BTW: Wie sieht´s diese Woche mit dem Benther aus?

Gruß,
braust


----------



## mischuwi (2. Mai 2005)

Carnifex schrieb:
			
		

> Braust_1, E.Geröllheimer und ich hatten darüber gesprochen mal an eiem Marathon teilzunehmen. Der gute Geröllheimer hat daraufhin den Altenauer angesprochen. Der ist allerdings ja schon in 3 Wochen. Andererseits einmal ist immer das erste Mal, oder?!
> 
> Wenn ich da mit fahren sollte dann auch den Halbmarathon.


DAS is doch mal ne Ansage!   Darf ich auch mit? Würde dann doch passen: 4 Mann -> zwei Autos -> halber Spritpreis für jeden.   
Allerdings werde ich das ganze denn wohl eher als Trainingsrennen ansehen und noch nicht auf Sieg fahren, weil ich in der Woche vorher eine Woch e Urlaub habe und mir da die Fitness für Limburg holen wollte. Somit werde ich dann am So vermutlich entsprechend erschöpft sein. Aber was solls. Ich wollte wie schon gesagt Altenau schon seit 3 Jahren mal fahren. Is aber immer was dazwischen gekommen.
Somit wäre ich wohl dabei und könnte sogar einen Beifahrer-Platz in meinem Auto anbieten.


----------



## Deleted 8297 (2. Mai 2005)

Ich würde das mit einem Wochenende im Harz mit meiner Freundin verbinden und schon am Freitag Nachmittag in die Gegend fahren. Somit könnte man sich doch dann Sonntagfrüh dort treffen?!

Auch gegen zusätzliche Trainingsrunden habe ich nichts einzuwenden. Ich saß ja schon fast auf dem RR aber da fing es gerade an zu schütten wie aus Eimern. Ob dann heute noch losfahre? 

Anmeldeschluss ist Mittwoch der 18.5. 2400 Onlinemeldung.


----------



## E. Geröllheimer (2. Mai 2005)

So ein kurzer Satz, so eine grosse Wirkung  . 

Ich habe eigendlich mehr zu den 35 km tendiert, bin aber flexiebel.

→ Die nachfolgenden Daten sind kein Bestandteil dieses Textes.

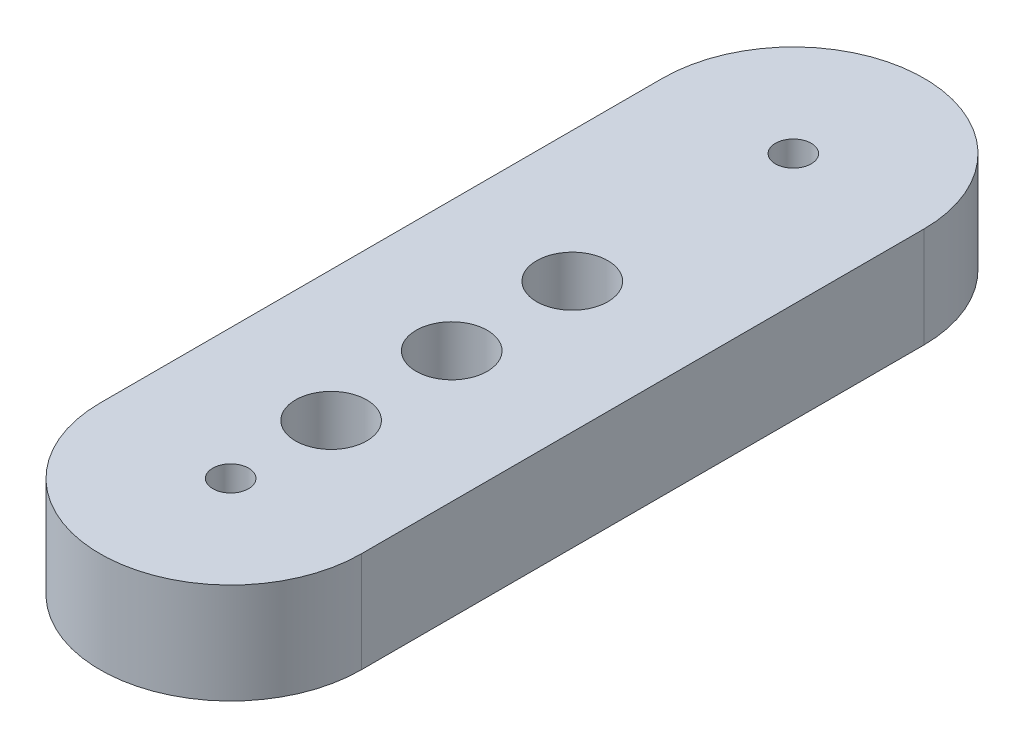
from build123d import *

# Parameters (mm, degrees)
SKETCH1_R           = 1.1303
SKETCH1_R_2         = 2.25
BOSS_EXTRUDE1_DEPTH = 6.35


with BuildPart() as part:
    # Sketch1 → Boss-Extrude1 (new body)
    with BuildSketch(Plane(origin=(0, 0, 0), x_dir=(1, 0, 0), z_dir=(0, 1, 0))):
        with BuildLine():
            Line((-8.255, -17.78), (-8.255, 17.78))
            ThreePointArc((-8.255, 17.78), (0, 26.035), (8.255, 17.78))
            Line((8.255, 17.78), (8.255, -17.78))
            ThreePointArc((8.255, -17.78), (0, -26.035), (-8.255, -17.78))
        make_face()
        with Locations((0, 17.78)):
            Circle(SKETCH1_R, mode=Mode.SUBTRACT)
        with Locations((0, -17.78)):
            Circle(SKETCH1_R, mode=Mode.SUBTRACT)
        with Locations((0, -11.43)):
            Circle(SKETCH1_R_2, mode=Mode.SUBTRACT)
        with Locations((0, -3.81)):
            Circle(SKETCH1_R_2, mode=Mode.SUBTRACT)
        with Locations((0, 3.81)):
            Circle(SKETCH1_R_2, mode=Mode.SUBTRACT)
    extrude(amount=BOSS_EXTRUDE1_DEPTH)


solid = part.part
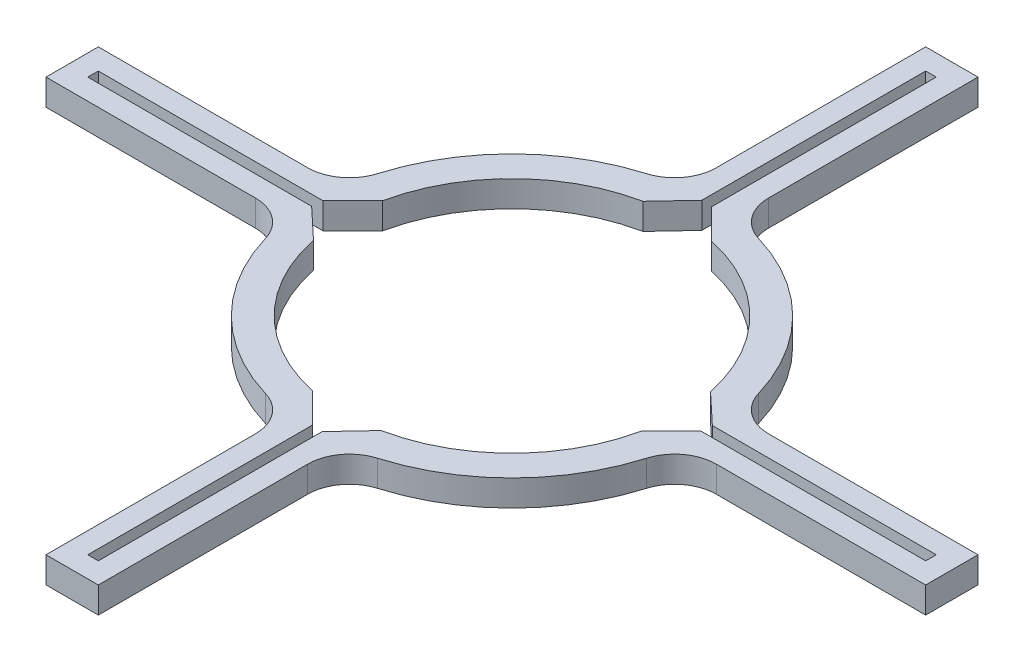
from build123d import *

# Parameters (mm, degrees)
BOSS_EXTRUDE1_DEPTH = 7.9375
FILLET2_R           = 12.7
CHAMFER1_SIZE       = 8.198155848
CHAMFER1_SIZE_2     = 7.9375


with BuildPart() as part:
    # Sketch1 → Boss-Extrude1 (new body)
    with BuildSketch(Plane(origin=(0, 0, 0), x_dir=(1, 0, 0), z_dir=(0, 1, 0))):
        with BuildLine():
            Line((-7.9502, 133.6675), (7.9502, 133.6675))
            Line((7.9502, 133.6675), (7.9502, 59.79882896))
            ThreePointArc((7.9502, 59.79882896), (42.656216575, 42.656216575), (59.79882896, 7.9502))
            Line((59.79882896, 7.9502), (133.6675, 7.9502))
            Line((133.6675, 7.9502), (133.6675, -7.9502))
            Line((133.6675, -7.9502), (59.79882896, -7.9502))
            ThreePointArc((59.79882896, -7.9502), (42.656216575, -42.656216575), (7.9502, -59.79882896))
            Line((7.9502, -59.79882896), (7.9502, -133.6675))
            Line((7.9502, -133.6675), (-7.9502, -133.6675))
            Line((-7.9502, -133.6675), (-7.9502, -59.79882896))
            ThreePointArc((-7.9502, -59.79882896), (-42.656216575, -42.656216575), (-59.79882896, -7.9502))
            Line((-59.79882896, -7.9502), (-133.6675, -7.9502))
            Line((-133.6675, -7.9502), (-133.6675, 7.9502))
            Line((-133.6675, 7.9502), (-59.79882896, 7.9502))
            ThreePointArc((-59.79882896, 7.9502), (-42.656216575, 42.656216575), (-7.9502, 59.79882896))
            Line((-7.9502, 59.79882896), (-7.9502, 133.6675))
        make_face()
        with BuildLine():
            Line((-1.6002, 51.092447252), (-1.6002, 127.3175))
            Line((-1.6002, 127.3175), (1.6002, 127.3175))
            Line((1.6002, 127.3175), (1.6002, 51.092447252))
            ThreePointArc((1.6002, 51.092447252), (36.145530887, 36.145530887), (51.092447252, 1.6002))
            Line((51.092447252, 1.6002), (127.3175, 1.6002))
            Line((127.3175, 1.6002), (127.3175, -1.6002))
            Line((127.3175, -1.6002), (51.092447252, -1.6002))
            ThreePointArc((51.092447252, -1.6002), (36.145530887, -36.145530887), (1.6002, -51.092447252))
            Line((1.6002, -51.092447252), (1.6002, -127.3175))
            Line((1.6002, -127.3175), (-1.6002, -127.3175))
            Line((-1.6002, -127.3175), (-1.6002, -51.092447252))
            ThreePointArc((-1.6002, -51.092447252), (-36.145530887, -36.145530887), (-51.092447252, -1.6002))
            Line((-51.092447252, -1.6002), (-127.3175, -1.6002))
            Line((-127.3175, -1.6002), (-127.3175, 1.6002))
            Line((-127.3175, 1.6002), (-51.092447252, 1.6002))
            ThreePointArc((-51.092447252, 1.6002), (-36.145530887, 36.145530887), (-1.6002, 51.092447252))
        make_face(mode=Mode.SUBTRACT)
    extrude(amount=BOSS_EXTRUDE1_DEPTH)

    # Fillet2
    fillet2_edges = [part.edges().sort_by_distance(p)[0] for p in [
        (59.79882896, 3.96875, 7.9502),
        (7.9502, 3.96875, 59.79882896),
        (-7.9502, 3.96875, 59.79882896),
        (-59.79882896, 3.96875, 7.9502),
        (-59.79882896, 3.96875, -7.9502),
        (-7.9502, 3.96875, -59.79882896),
        (7.9502, 3.96875, -59.79882896),
        (59.79882896, 3.96875, -7.9502),
    ]]
    fillet(fillet2_edges, radius=FILLET2_R)

    # Chamfer1
    # the kernel refuses this chamfer: 8.198155848, 7.9375 mm, written as the material it takes off along each edge
    with BuildSketch(Plane(origin=(-1.6002, -22.411946767, -51.092447252), x_dir=(-0.9932071944131365, 0, 0.11635922381137723), z_dir=(0, 1, 0))) as chamfer1_piece_1:
        with BuildLine():
            Line((8.711494705, 0), (-CHAMFER1_SIZE * 0.116359223814, -CHAMFER1_SIZE * 0.993207194436))
            Line((-CHAMFER1_SIZE * 0.116359223814, -CHAMFER1_SIZE * 0.993207194436), (0, 0))
            ThreePointArc((0, 0), (4.4818633, -0.185760204), (8.711494705, 0))
        make_face()
    extrude(amount=52.761393535, mode=Mode.SUBTRACT)
    with BuildSketch(Plane(origin=(-51.092447252, -23.390114348, -1.6002), x_dir=(0.12010619986132272, 0, -0.9927610491728973), z_dir=(0, 1, 0)), Plane(origin=(-1.6002, -23.390114348, 51.092447252), x_dir=(-0.9927610491728978, 0, -0.12010619986131951), z_dir=(0, 1, 0)), Plane(origin=(51.092447252, -23.390114348, 1.6002), x_dir=(-0.12010619986131572, 0, 0.9927610491728983), z_dir=(0, 1, 0)), Plane(origin=(1.6002, -23.390114348, -51.092447252), x_dir=(0.9927610491728988, 0, 0.12010619986131156), z_dir=(0, 1, 0))) as chamfer1_piece_2:
        with BuildLine():
            Line((9.0958069, 0), (-CHAMFER1_SIZE_2 * 0.120106199861, CHAMFER1_SIZE_2 * 0.992761049173))
            Line((-CHAMFER1_SIZE_2 * 0.120106199861, CHAMFER1_SIZE_2 * 0.992761049173), (0, 0))
            ThreePointArc((0, 0), (4.677699861, 0.202549732), (9.0958069, 0))
        make_face()
    extrude(amount=54.717728697, mode=Mode.SUBTRACT)
    with BuildSketch(Plane(origin=(-51.092447252, -22.411946767, 1.6002), x_dir=(-1, 0, 0), z_dir=(0, 1, 0)), Plane(origin=(1.6002, -22.411946767, 51.092447252), x_dir=(0, 0, 1), z_dir=(0, 1, 0)), Plane(origin=(51.092447252, -22.411946767, -1.6002), x_dir=(1, 0, 0), z_dir=(0, 1, 0))) as chamfer1_piece_3:
        with BuildLine():
            Line((CHAMFER1_SIZE, 0), (-1.013662762, 8.652319215))
            ThreePointArc((-1.013662762, 8.652319215), (-0.337007764, 4.473033787), (0, 0))
            Line((0, 0), (CHAMFER1_SIZE, 0))
        make_face()
    extrude(amount=52.761393535, mode=Mode.SUBTRACT)


solid = part.part
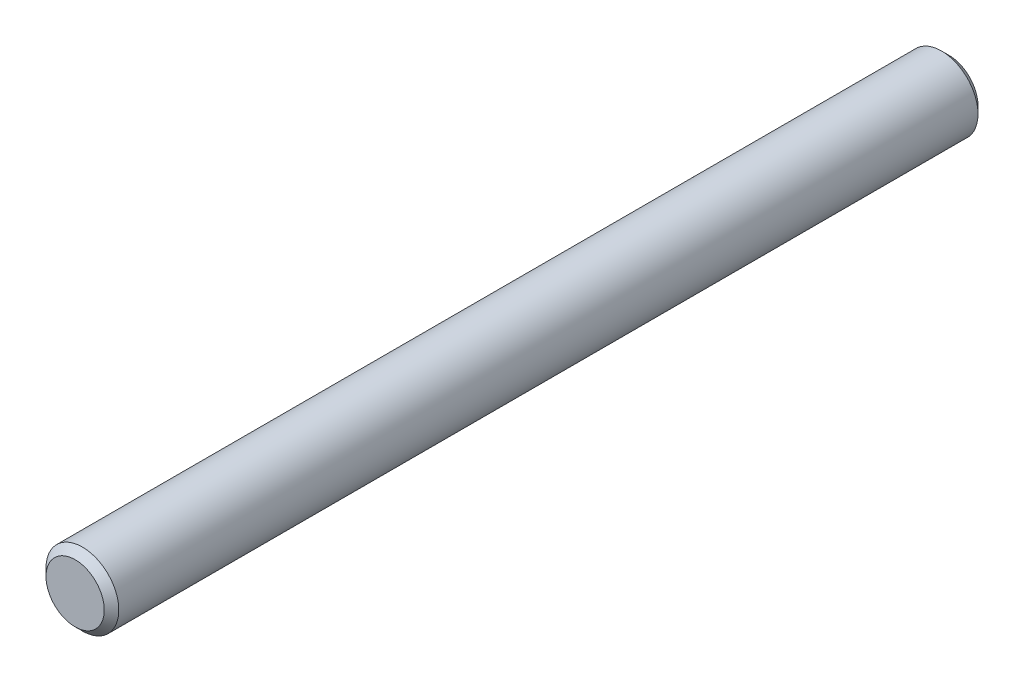
from build123d import *

# Parameters (mm, degrees)
SKETCH1_R      = 12.7
EXTRUDE1_DEPTH = 152.4
CHAMFER1_SIZE  = 2.54


with BuildPart() as part:
    # Sketch1 → Extrude1 (new, symmetric)
    with BuildSketch(Plane.XY):
        Circle(SKETCH1_R)
    extrude(amount=EXTRUDE1_DEPTH, both=True)

    # Chamfer1
    chamfer1_edges = [part.edges().sort_by_distance(p)[0] for p in [
        (-12.7, 0, -152.4),
        (-12.7, 0, 152.4),
    ]]
    chamfer(chamfer1_edges, length=CHAMFER1_SIZE)


solid = part.part

Obwohl der 35 km Funcup findet am 21. statt, der HM am 22. wenn ich dass richtig sehe.

@Klaus: Ein paar Trainingseinheiten lassen sich noch einbauen bis zum Race.

            Freitag Benther bis wir :kotz:?


----------



## Deleted 8297 (2. Mai 2005)

Die 35er Runde ist doch aber ein CC-Race oder, da gehts dann doch sicher mit härteren Bandagen zur Sache als beim HM?!

Hmm, diese Option hatte ich tatsächlich übersehen. Ich finde auf der Seite auch überhaupt nichts zur Strecke und zum Höhenprofil. Habt ihr da irgendetwas gefunden?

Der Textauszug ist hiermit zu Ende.